_Task brief_
Reproduce every entry exactly as written.

_Supplied information_
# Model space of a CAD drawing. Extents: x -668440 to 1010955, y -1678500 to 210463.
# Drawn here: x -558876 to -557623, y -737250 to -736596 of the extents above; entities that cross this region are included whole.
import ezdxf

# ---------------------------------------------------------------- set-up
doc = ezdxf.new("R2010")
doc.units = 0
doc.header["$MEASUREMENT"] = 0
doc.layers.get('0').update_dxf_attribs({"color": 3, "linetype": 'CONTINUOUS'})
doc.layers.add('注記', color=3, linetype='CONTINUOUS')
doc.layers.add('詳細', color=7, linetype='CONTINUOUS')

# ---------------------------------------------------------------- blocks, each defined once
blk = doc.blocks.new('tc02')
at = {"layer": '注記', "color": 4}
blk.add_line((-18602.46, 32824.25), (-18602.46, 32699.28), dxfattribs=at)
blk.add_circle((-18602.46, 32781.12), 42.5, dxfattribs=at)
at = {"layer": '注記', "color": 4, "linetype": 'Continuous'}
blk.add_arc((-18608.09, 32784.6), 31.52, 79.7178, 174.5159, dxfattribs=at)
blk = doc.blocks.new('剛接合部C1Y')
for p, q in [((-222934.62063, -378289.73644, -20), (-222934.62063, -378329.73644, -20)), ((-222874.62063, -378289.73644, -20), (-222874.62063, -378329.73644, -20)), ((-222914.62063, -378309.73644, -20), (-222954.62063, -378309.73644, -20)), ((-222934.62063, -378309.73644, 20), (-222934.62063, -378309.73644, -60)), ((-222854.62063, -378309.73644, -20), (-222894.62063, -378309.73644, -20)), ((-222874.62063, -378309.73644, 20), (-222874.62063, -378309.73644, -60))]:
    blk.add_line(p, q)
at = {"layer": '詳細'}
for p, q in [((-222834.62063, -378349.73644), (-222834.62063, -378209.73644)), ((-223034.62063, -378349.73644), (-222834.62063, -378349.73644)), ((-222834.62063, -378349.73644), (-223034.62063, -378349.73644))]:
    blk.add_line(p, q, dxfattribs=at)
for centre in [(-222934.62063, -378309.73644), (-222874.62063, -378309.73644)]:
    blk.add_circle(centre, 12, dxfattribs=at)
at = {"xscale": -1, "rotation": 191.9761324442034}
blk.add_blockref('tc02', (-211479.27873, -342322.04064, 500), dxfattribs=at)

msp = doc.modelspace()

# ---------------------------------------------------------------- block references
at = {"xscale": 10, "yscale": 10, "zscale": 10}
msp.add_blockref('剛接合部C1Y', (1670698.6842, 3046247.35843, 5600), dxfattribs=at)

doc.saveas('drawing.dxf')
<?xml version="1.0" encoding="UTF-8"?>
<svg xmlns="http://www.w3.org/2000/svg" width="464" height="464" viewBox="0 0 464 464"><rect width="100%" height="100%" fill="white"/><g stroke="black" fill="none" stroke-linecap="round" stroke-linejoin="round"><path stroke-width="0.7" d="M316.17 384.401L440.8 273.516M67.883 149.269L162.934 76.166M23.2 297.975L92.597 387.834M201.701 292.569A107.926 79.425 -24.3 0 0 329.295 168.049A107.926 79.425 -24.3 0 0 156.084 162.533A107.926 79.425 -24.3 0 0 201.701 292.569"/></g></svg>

_Answer_
# Model space of a CAD drawing. Extents: x -668440 to 1010955, y -1678500 to 210463.
# Drawn here: x -558876 to -557623, y -737250 to -736596 of the extents above; entities that cross this region are included whole.
import ezdxf

# ---------------------------------------------------------------- set-up
doc = ezdxf.new("R2010")
doc.units = 0
doc.header["$MEASUREMENT"] = 0
doc.layers.get('0').update_dxf_attribs({"color": 3, "linetype": 'CONTINUOUS'})
doc.layers.add('注記', color=3, linetype='CONTINUOUS')
doc.layers.add('詳細', color=7, linetype='CONTINUOUS')

# ---------------------------------------------------------------- blocks, each defined once
blk = doc.blocks.new('tc02')
at = {"layer": '注記', "color": 4}
blk.add_line((-18602.46, 32824.25), (-18602.46, 32699.28), dxfattribs=at)
blk.add_circle((-18602.46, 32781.12), 42.5, dxfattribs=at)
at = {"layer": '注記', "color": 4, "linetype": 'Continuous'}
blk.add_arc((-18608.09, 32784.6), 31.52, 79.7178, 174.5159, dxfattribs=at)
blk = doc.blocks.new('剛接合部C1Y')
for p, q in [((-222934.62063, -378289.73644, -20), (-222934.62063, -378329.73644, -20)), ((-222874.62063, -378289.73644, -20), (-222874.62063, -378329.73644, -20)), ((-222914.62063, -378309.73644, -20), (-222954.62063, -378309.73644, -20)), ((-222934.62063, -378309.73644, 20), (-222934.62063, -378309.73644, -60)), ((-222854.62063, -378309.73644, -20), (-222894.62063, -378309.73644, -20)), ((-222874.62063, -378309.73644, 20), (-222874.62063, -378309.73644, -60))]:
    blk.add_line(p, q)
at = {"layer": '詳細'}
for p, q in [((-222834.62063, -378349.73644), (-222834.62063, -378209.73644)), ((-223034.62063, -378349.73644), (-222834.62063, -378349.73644)), ((-222834.62063, -378349.73644), (-223034.62063, -378349.73644))]:
    blk.add_line(p, q, dxfattribs=at)
for centre in [(-222934.62063, -378309.73644), (-222874.62063, -378309.73644)]:
    blk.add_circle(centre, 12, dxfattribs=at)
at = {"xscale": -1, "rotation": 191.9761324442034}
blk.add_blockref('tc02', (-211479.27873, -342322.04064, 500), dxfattribs=at)

msp = doc.modelspace()

# ---------------------------------------------------------------- block references
at = {"xscale": 10, "yscale": 10, "zscale": 10}
msp.add_blockref('剛接合部C1Y', (1670698.6842, 3046247.35843, 5600), dxfattribs=at)

doc.saveas('drawing.dxf')
<?xml version="1.0" encoding="UTF-8"?>
<svg xmlns="http://www.w3.org/2000/svg" width="464" height="464" viewBox="0 0 464 464"><rect width="100%" height="100%" fill="white"/><g stroke="black" fill="none" stroke-linecap="round" stroke-linejoin="round"><path stroke-width="0.7" d="M316.17 384.401L440.8 273.516M67.883 149.269L162.934 76.166M23.2 297.975L92.597 387.834M201.701 292.569A107.926 79.425 -24.3 0 0 329.295 168.049A107.926 79.425 -24.3 0 0 156.084 162.533A107.926 79.425 -24.3 0 0 201.701 292.569"/></g></svg>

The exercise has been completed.